Context
Intuit wants to add a generative AI assistant inside TurboTax and QuickBooks to answer user questions about tax guidance, bookkeeping workflows, and account-specific product help. The feature must operate in a regulated financial environment where incorrect or non-compliant answers can create legal, trust, and customer-support risk.
Constraints
- p95 latency: 2,500ms for a grounded answer
- Cost ceiling: $0.03 per request and $150K/month at 5M requests/month
- Hallucination ceiling: <1% on a high-risk golden set for tax/compliance questions
- Must cite approved sources for factual claims
- Must refuse or escalate when the answer depends on missing user context, regulated advice boundaries, or unsupported claims
- Must defend against prompt injection, PII leakage, and unauthorized retrieval across customer accounts
Available Resources
- Approved corpora: TurboTax help center, IRS publications, Intuit policy docs, QuickBooks support articles, internal compliance-approved response templates
- Structured metadata: doc version, jurisdiction, tax year, product surface, approval status, sensitivity label
- Models: one high-quality LLM, one lower-cost LLM, embeddings model, reranker
- Existing identity and authorization layer for QuickBooks/TurboTax users
- Compliance team can label 1,000 high-risk prompts and review monthly regressions
Task
- Design an eval-first LLM system for this assistant, including how you would measure factuality, refusal quality, prompt-injection robustness, and compliance before launch.

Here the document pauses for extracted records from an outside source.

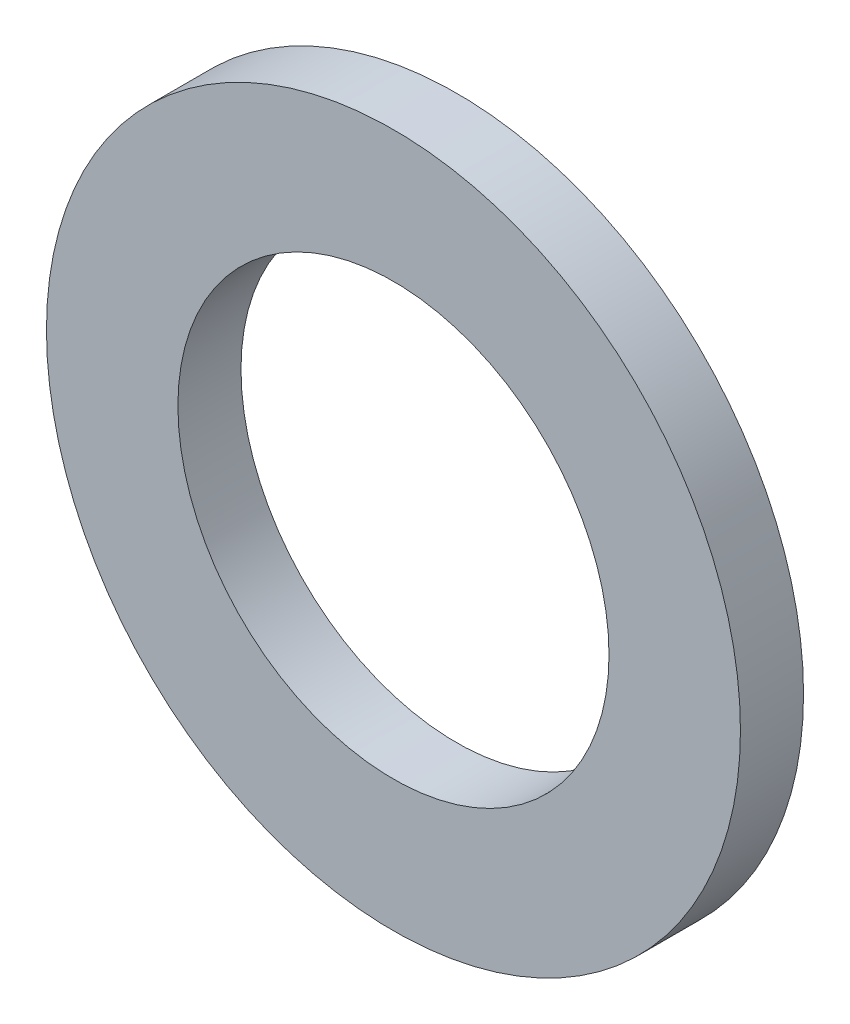
ISO-10303-21;
HEADER;
FILE_DESCRIPTION(('STEP AP214'),'2;1');
FILE_NAME('part.step','',(''),(''),'','','');
FILE_SCHEMA(('AUTOMOTIVE_DESIGN { 1 0 10303 214 1 1 1 1 }'));
ENDSEC;
DATA;
#1=APPLICATION_CONTEXT('core data for automotive mechanical design processes');
#2=APPLICATION_PROTOCOL_DEFINITION('international standard','automotive_design',2000,#1);
#3=PRODUCT_CONTEXT('',#1,'mechanical');
#4=PRODUCT('Part','Part','',(#3));
#5=PRODUCT_RELATED_PRODUCT_CATEGORY('part','',(#4));
#6=PRODUCT_DEFINITION_FORMATION('','',#4);
#7=PRODUCT_DEFINITION_CONTEXT('part definition',#1,'design');
#8=PRODUCT_DEFINITION('design','',#6,#7);
#9=PRODUCT_DEFINITION_SHAPE('','',#8);
#10=(LENGTH_UNIT() NAMED_UNIT(*) SI_UNIT(.MILLI.,.METRE.));
#11=(NAMED_UNIT(*) PLANE_ANGLE_UNIT() SI_UNIT($,.RADIAN.));
#12=(NAMED_UNIT(*) SI_UNIT($,.STERADIAN.) SOLID_ANGLE_UNIT());
#13=UNCERTAINTY_MEASURE_WITH_UNIT(LENGTH_MEASURE(1.E-05),#10,'distance_accuracy_value','');
#14=(GEOMETRIC_REPRESENTATION_CONTEXT(3) GLOBAL_UNCERTAINTY_ASSIGNED_CONTEXT((#13)) GLOBAL_UNIT_ASSIGNED_CONTEXT((#10,
#11,#12)) REPRESENTATION_CONTEXT('',''));
#15=CARTESIAN_POINT('',(0.,0.,0.));
#16=DIRECTION('',(0.,0.,1.));
#17=DIRECTION('',(1.,0.,0.));
#18=AXIS2_PLACEMENT_3D('',#15,#16,#17);
#19=CARTESIAN_POINT('',(0.,0.,1.2));
#20=DIRECTION('',(0.,0.,1.));
#21=DIRECTION('',(1.,0.,0.));
#22=AXIS2_PLACEMENT_3D('',#19,#20,#21);
#23=PLANE('',#22);
#24=CARTESIAN_POINT('',(0.,0.,1.2));
#25=DIRECTION('',(0.,0.,1.));
#26=DIRECTION('',(1.,0.,0.));
#27=AXIS2_PLACEMENT_3D('',#24,#25,#26);
#28=CIRCLE('',#27,6.6);
#29=CARTESIAN_POINT('',(6.6,0.,1.2));
#30=VERTEX_POINT('',#29);
#31=EDGE_CURVE('E10',#30,#30,#28,.T.);
#32=ORIENTED_EDGE('',*,*,#31,.T.);
#33=EDGE_LOOP('',(#32));
#34=FACE_BOUND('',#33,.T.);
#35=CARTESIAN_POINT('',(0.,0.,1.2));
#36=DIRECTION('',(0.,0.,1.));
#37=DIRECTION('',(1.,0.,0.));
#38=AXIS2_PLACEMENT_3D('',#35,#36,#37);
#39=CIRCLE('',#38,4.1);
#40=CARTESIAN_POINT('',(4.1,0.,1.2));
#41=VERTEX_POINT('',#40);
#42=EDGE_CURVE('E40',#41,#41,#39,.T.);
#43=ORIENTED_EDGE('',*,*,#42,.F.);
#44=EDGE_LOOP('',(#43));
#45=FACE_BOUND('',#44,.T.);
#46=ADVANCED_FACE('F29',(#34,#45),#23,.T.);
#47=CARTESIAN_POINT('',(0.,0.,0.));
#48=DIRECTION('',(0.,0.,1.));
#49=DIRECTION('',(1.,0.,0.));
#50=AXIS2_PLACEMENT_3D('',#47,#48,#49);
#51=PLANE('',#50);
#52=CARTESIAN_POINT('',(0.,0.,0.));
#53=DIRECTION('',(0.,0.,1.));
#54=DIRECTION('',(1.,0.,0.));
#55=AXIS2_PLACEMENT_3D('',#52,#53,#54);
#56=CIRCLE('',#55,6.6);
#57=CARTESIAN_POINT('',(6.6,0.,0.));
#58=VERTEX_POINT('',#57);
#59=EDGE_CURVE('E33',#58,#58,#56,.T.);
#60=ORIENTED_EDGE('',*,*,#59,.F.);
#61=EDGE_LOOP('',(#60));
#62=FACE_BOUND('',#61,.T.);
#63=CARTESIAN_POINT('',(0.,0.,0.));
#64=DIRECTION('',(0.,0.,1.));
#65=DIRECTION('',(1.,0.,0.));
#66=AXIS2_PLACEMENT_3D('',#63,#64,#65);
#67=CIRCLE('',#66,4.1);
#68=CARTESIAN_POINT('',(4.1,0.,0.));
#69=VERTEX_POINT('',#68);
#70=EDGE_CURVE('E42',#69,#69,#67,.T.);
#71=ORIENTED_EDGE('',*,*,#70,.T.);
#72=EDGE_LOOP('',(#71));
#73=FACE_BOUND('',#72,.T.);
#74=ADVANCED_FACE('F52',(#62,#73),#51,.F.);
#75=CARTESIAN_POINT('',(0.,0.,1.2));
#76=DIRECTION('',(0.,0.,-1.));
#77=DIRECTION('',(-1.,0.,0.));
#78=AXIS2_PLACEMENT_3D('',#75,#76,#77);
#79=CYLINDRICAL_SURFACE('',#78,6.6);
#80=ORIENTED_EDGE('',*,*,#31,.F.);
#81=EDGE_LOOP('',(#80));
#82=FACE_BOUND('',#81,.T.);
#83=ORIENTED_EDGE('',*,*,#59,.T.);
#84=EDGE_LOOP('',(#83));
#85=FACE_BOUND('',#84,.T.);
#86=ADVANCED_FACE('F31',(#82,#85),#79,.T.);
#87=CARTESIAN_POINT('',(0.,0.,1.2));
#88=DIRECTION('',(0.,0.,-1.));
#89=DIRECTION('',(-1.,0.,0.));
#90=AXIS2_PLACEMENT_3D('',#87,#88,#89);
#91=CYLINDRICAL_SURFACE('',#90,4.1);
#92=ORIENTED_EDGE('',*,*,#42,.T.);
#93=EDGE_LOOP('',(#92));
#94=FACE_BOUND('',#93,.T.);
#95=ORIENTED_EDGE('',*,*,#70,.F.);
#96=EDGE_LOOP('',(#95));
#97=FACE_BOUND('',#96,.T.);
#98=ADVANCED_FACE('F48',(#94,#97),#91,.F.);
#99=CLOSED_SHELL('',(#46,#74,#86,#98));
#100=MANIFOLD_SOLID_BREP('B2',#99);
#101=ADVANCED_BREP_SHAPE_REPRESENTATION('',(#18,#100),#14);
#102=SHAPE_DEFINITION_REPRESENTATION(#9,#101);
ENDSEC;
END-ISO-10303-21;

- Propose the RAG architecture and prompt design needed to keep answers grounded in approved financial content while meeting latency and cost constraints.
- Explain how you would mitigate the main deployment risks in a regulated environment: hallucinations, stale guidance, prompt injection, PII exposure, cross-tenant data leakage, and overconfident advice.
- Define the online monitoring and rollout plan, including guardrails, escalation paths to human support or CPA/tax expert workflows, and rollback criteria.
- Estimate cost/latency tradeoffs and identify where you would use smaller vs larger models.